Several projects are being set up to meet our energy demands and also to conserve our environment. Strengthening transparency and public accountability seems to be given adequate importance (in paper at least). In this context, an Independent Evaluation Office (IEO) chaired by the Deputy Chairman, Planning Commission to be set up to evaluate the impact of flagship programmes. More and more committees and commissions coming up!

On the whole, I think it is a more government’s budget than people’s or the corporates! However, their highlighting of the unorganised sector and the crucial role of institutions need to be congratulated.

What are the Contents of India's Economic Growth’

The above question was discussed by Bhabatosh Datta in 1977 in his book The Contents of Economic Growth and Other Essays. This blog post briefly revisits Datta’s article to see whether the current growth of India is on the right track. A few details about Datta is in order. For most of his life, he taught at Presidency College, Calcutta. He is an economist who has written on diverse aspects of the Indian economy – industrialisation, planning, regional rural banks, economic growth, monetary reforms, commercial banks, financial system and on Indian economic thought. And for this reason, his work is of utmost relevance to us- who want to understand the Indian economy.

On 29th December 2009, the Deputy Governor of RBI spoke about the ‘Current Macroeconomic Developments in India’. I reproduce some of her observations below:

India had a strong recovery in the second quarter of 2009-10 at 7.9 per cent. “The sequential recovery over the first quarter of 2009-10 was driven by notable turnaround in industrial output (9.0 per cent), and services sector (9.0 per cent), while agriculture sector also came to record a positive growth (0.9 per cent), despite drought like conditions and floods in some parts of the country.”

Which India had a strong recovery, when more than 60% of Indian population work in the agricultural sector’ As Datta writes, for India, economic growth takes place when there is “growth in employment and growth in incomes of large numbers.”

“On the whole, agricultural production during 2009-10 hinges critically on the performance of the North East monsoon and rabi production.”

“The recovery in industrial growth has been broad-based with acceleration in growth of all the three sectors, viz., mining, electricity and manufacturing .”

The consumer durables sector shows an impressive growth with 22.2 per cent in the second quarter of 2009-10.

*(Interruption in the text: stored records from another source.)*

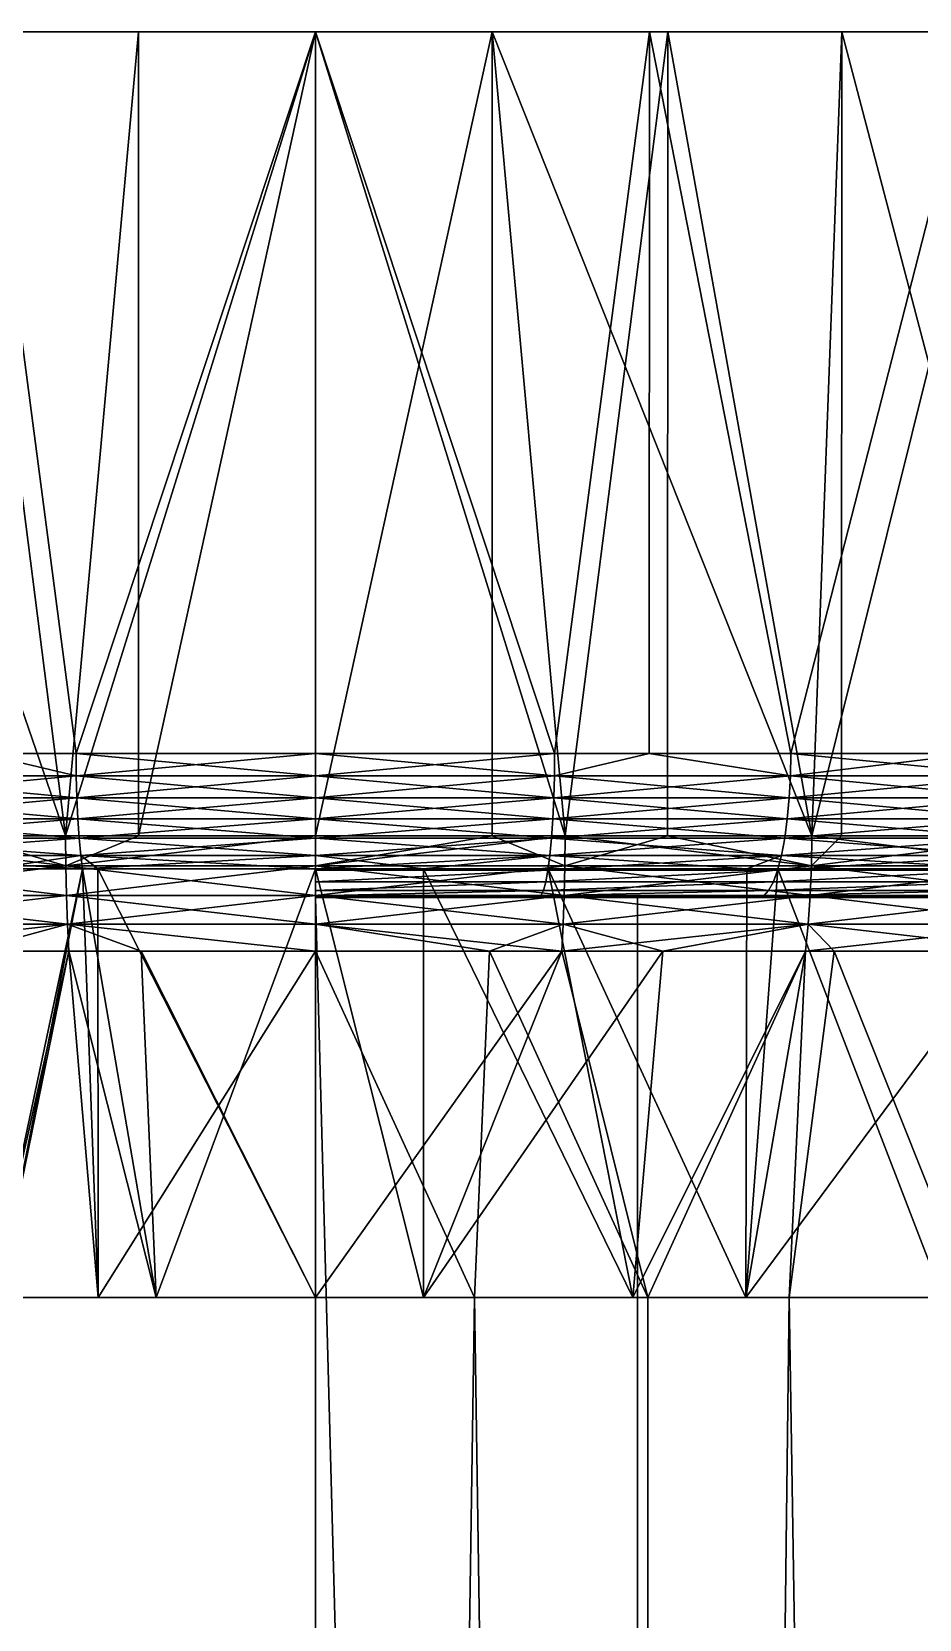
# Model space of a CAD drawing. Header units: inches. Extents: x 0 to 40, y 0 to 110.
# Drawn here: x 17.54 to 25.23, y 96.25 to 110 of the extents above; entities that cross this region are included whole.
import ezdxf

# ---------------------------------------------------------------- set-up
doc = ezdxf.new("R2010")
doc.units = ezdxf.units.IN
doc.header["$LTSCALE"] = 26.699852
doc.header["$MEASUREMENT"] = 0
doc.layers.add('1', color=7, linetype='CONTINUOUS')

msp = doc.modelspace()

# ---------------------------------------------------------------- linework, layer by layer
at = {"layer": '1', "linetype": 'Continuous'}
for points in [[(15.443, 110, 39.474), (15.701, 103.036, 39.532), (17.838, 103.036, 39.883), (15.443, 110, 39.474)], [(15.443, 110, 39.474), (17.838, 103.036, 39.883), (18.469, 110, 39.941), (15.443, 110, 39.474)], [(17.106, 110, 38.272), (15.443, 110, 39.474), (20, 110, 38.5), (17.106, 110, 38.272)], [(20, 110, 38.5), (15.443, 110, 39.474), (18.469, 110, 39.941), (20, 110, 38.5)], [(17.838, 103.036, 0.117), (16.947, 110, 0.234), (20, 110), (17.838, 103.036, 0.117)], [(16.952, 103.036, 0.262), (16.947, 110, 0.234), (17.838, 103.036, 0.117), (16.952, 103.036, 0.262)], [(17.106, 110, 1.728), (20, 110), (16.947, 110, 0.234), (17.106, 110, 1.728)], [(20, 110, 1.5), (20, 110), (17.106, 110, 1.728), (20, 110, 1.5)], [(20, 110, 38.5), (17.929, 103.75, 38.384), (17.106, 110, 38.272), (20, 110, 38.5)], [(17.111, 103.75, 38.245), (17.106, 110, 38.272), (17.929, 103.75, 38.384), (17.111, 103.75, 38.245)], [(17.106, 110, 1.728), (17.111, 103.75, 1.755), (17.929, 103.75, 1.616), (17.106, 110, 1.728)], [(17.106, 110, 1.728), (17.929, 103.75, 1.616), (20, 110, 1.5), (17.106, 110, 1.728)], [(18.469, 110, 39.941), (17.838, 103.036, 39.883), (18.47, 103.036, 39.917), (18.469, 110, 39.941)], [(20, 110), (20, 103.036), (17.838, 103.036, 0.117), (20, 110)], [(20, 110, 38.5), (20, 103.75, 38.5), (17.929, 103.75, 38.384), (20, 110, 38.5)], [(20, 110, 1.5), (17.929, 103.75, 1.616), (20, 103.75, 1.5), (20, 110, 1.5)], [(18.469, 110, 39.941), (18.47, 103.036, 39.917), (20, 110, 40), (18.469, 110, 39.941)], [(18.469, 110, 39.941), (20, 110, 40), (20, 110, 38.5), (18.469, 110, 39.941)], [(20, 110, 40), (18.47, 103.036, 39.917), (20, 103.036, 40), (20, 110, 40)], [(20, 110, 40), (20, 103.036, 40), (21.531, 110, 39.941), (20, 110, 40)], [(21.531, 110, 39.941), (20, 103.036, 40), (21.53, 103.036, 39.917), (21.531, 110, 39.941)], [(23.053, 110, 0.234), (22.162, 103.036, 0.117), (20, 110), (23.053, 110, 0.234)], [(20, 110), (22.162, 103.036, 0.117), (20, 103.036), (20, 110)], [(20, 110, 38.5), (20, 110, 40), (21.531, 110, 39.941), (20, 110, 38.5)], [(20, 110, 38.5), (21.531, 110, 39.941), (22.894, 110, 38.272), (20, 110, 38.5)], [(22.894, 110, 1.728), (23.053, 110, 0.234), (20, 110, 1.5), (22.894, 110, 1.728)], [(20, 110, 1.5), (23.053, 110, 0.234), (20, 110), (20, 110, 1.5)], [(22.071, 103.75, 1.616), (22.894, 110, 1.728), (20, 110, 1.5), (22.071, 103.75, 1.616)], [(22.894, 110, 38.272), (22.071, 103.75, 38.384), (20, 110, 38.5), (22.894, 110, 38.272)], [(22.071, 103.75, 38.384), (20, 103.75, 38.5), (20, 110, 38.5), (22.071, 103.75, 38.384)], [(20, 110, 1.5), (20, 103.75, 1.5), (22.071, 103.75, 1.616), (20, 110, 1.5)], [(21.53, 103.036, 39.917), (22.162, 103.036, 39.883), (21.531, 110, 39.941), (21.53, 103.036, 39.917)], [(21.531, 110, 39.941), (22.162, 103.036, 39.883), (24.299, 103.036, 39.532), (21.531, 110, 39.941)], [(21.531, 110, 39.941), (24.299, 103.036, 39.532), (24.557, 110, 39.474), (21.531, 110, 39.941)], [(22.894, 110, 38.272), (21.531, 110, 39.941), (24.557, 110, 39.474), (22.894, 110, 38.272)], [(22.889, 103.75, 1.755), (22.894, 110, 1.728), (22.071, 103.75, 1.616), (22.889, 103.75, 1.755)], [(22.894, 110, 38.272), (22.889, 103.75, 38.245), (22.071, 103.75, 38.384), (22.894, 110, 38.272)], [(23.053, 110, 0.234), (23.048, 103.036, 0.262), (22.162, 103.036, 0.117), (23.053, 110, 0.234)], [(24.117, 103.75, 1.964), (22.894, 110, 1.728), (22.889, 103.75, 1.755), (24.117, 103.75, 1.964)], [(24.117, 103.75, 38.036), (22.889, 103.75, 38.245), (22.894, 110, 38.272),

Consumer durable showing strong growth, a recovery of industrial growth alongside a critical agricultural sector seems to suggest that Indian policy makers and economists seem pre-occupied with non-problems. As Datta lucidly points out: “it is possible that over a particular year there has been only a very small increase in agricultural and essential industrial production, while there has been a substantial rise in the output of luxury goods, high-income varieties of consumer goods and outdated capital goods.”

It is easy to forget that 8% or 9% rate of growth does not have a unique meaning. For, it might express many alternative states of affairs. I often wonder, what our objective should be as an economist in India! As I had argued elsewhere, it is time that we looked at the structure or the contents of economic growth carefully.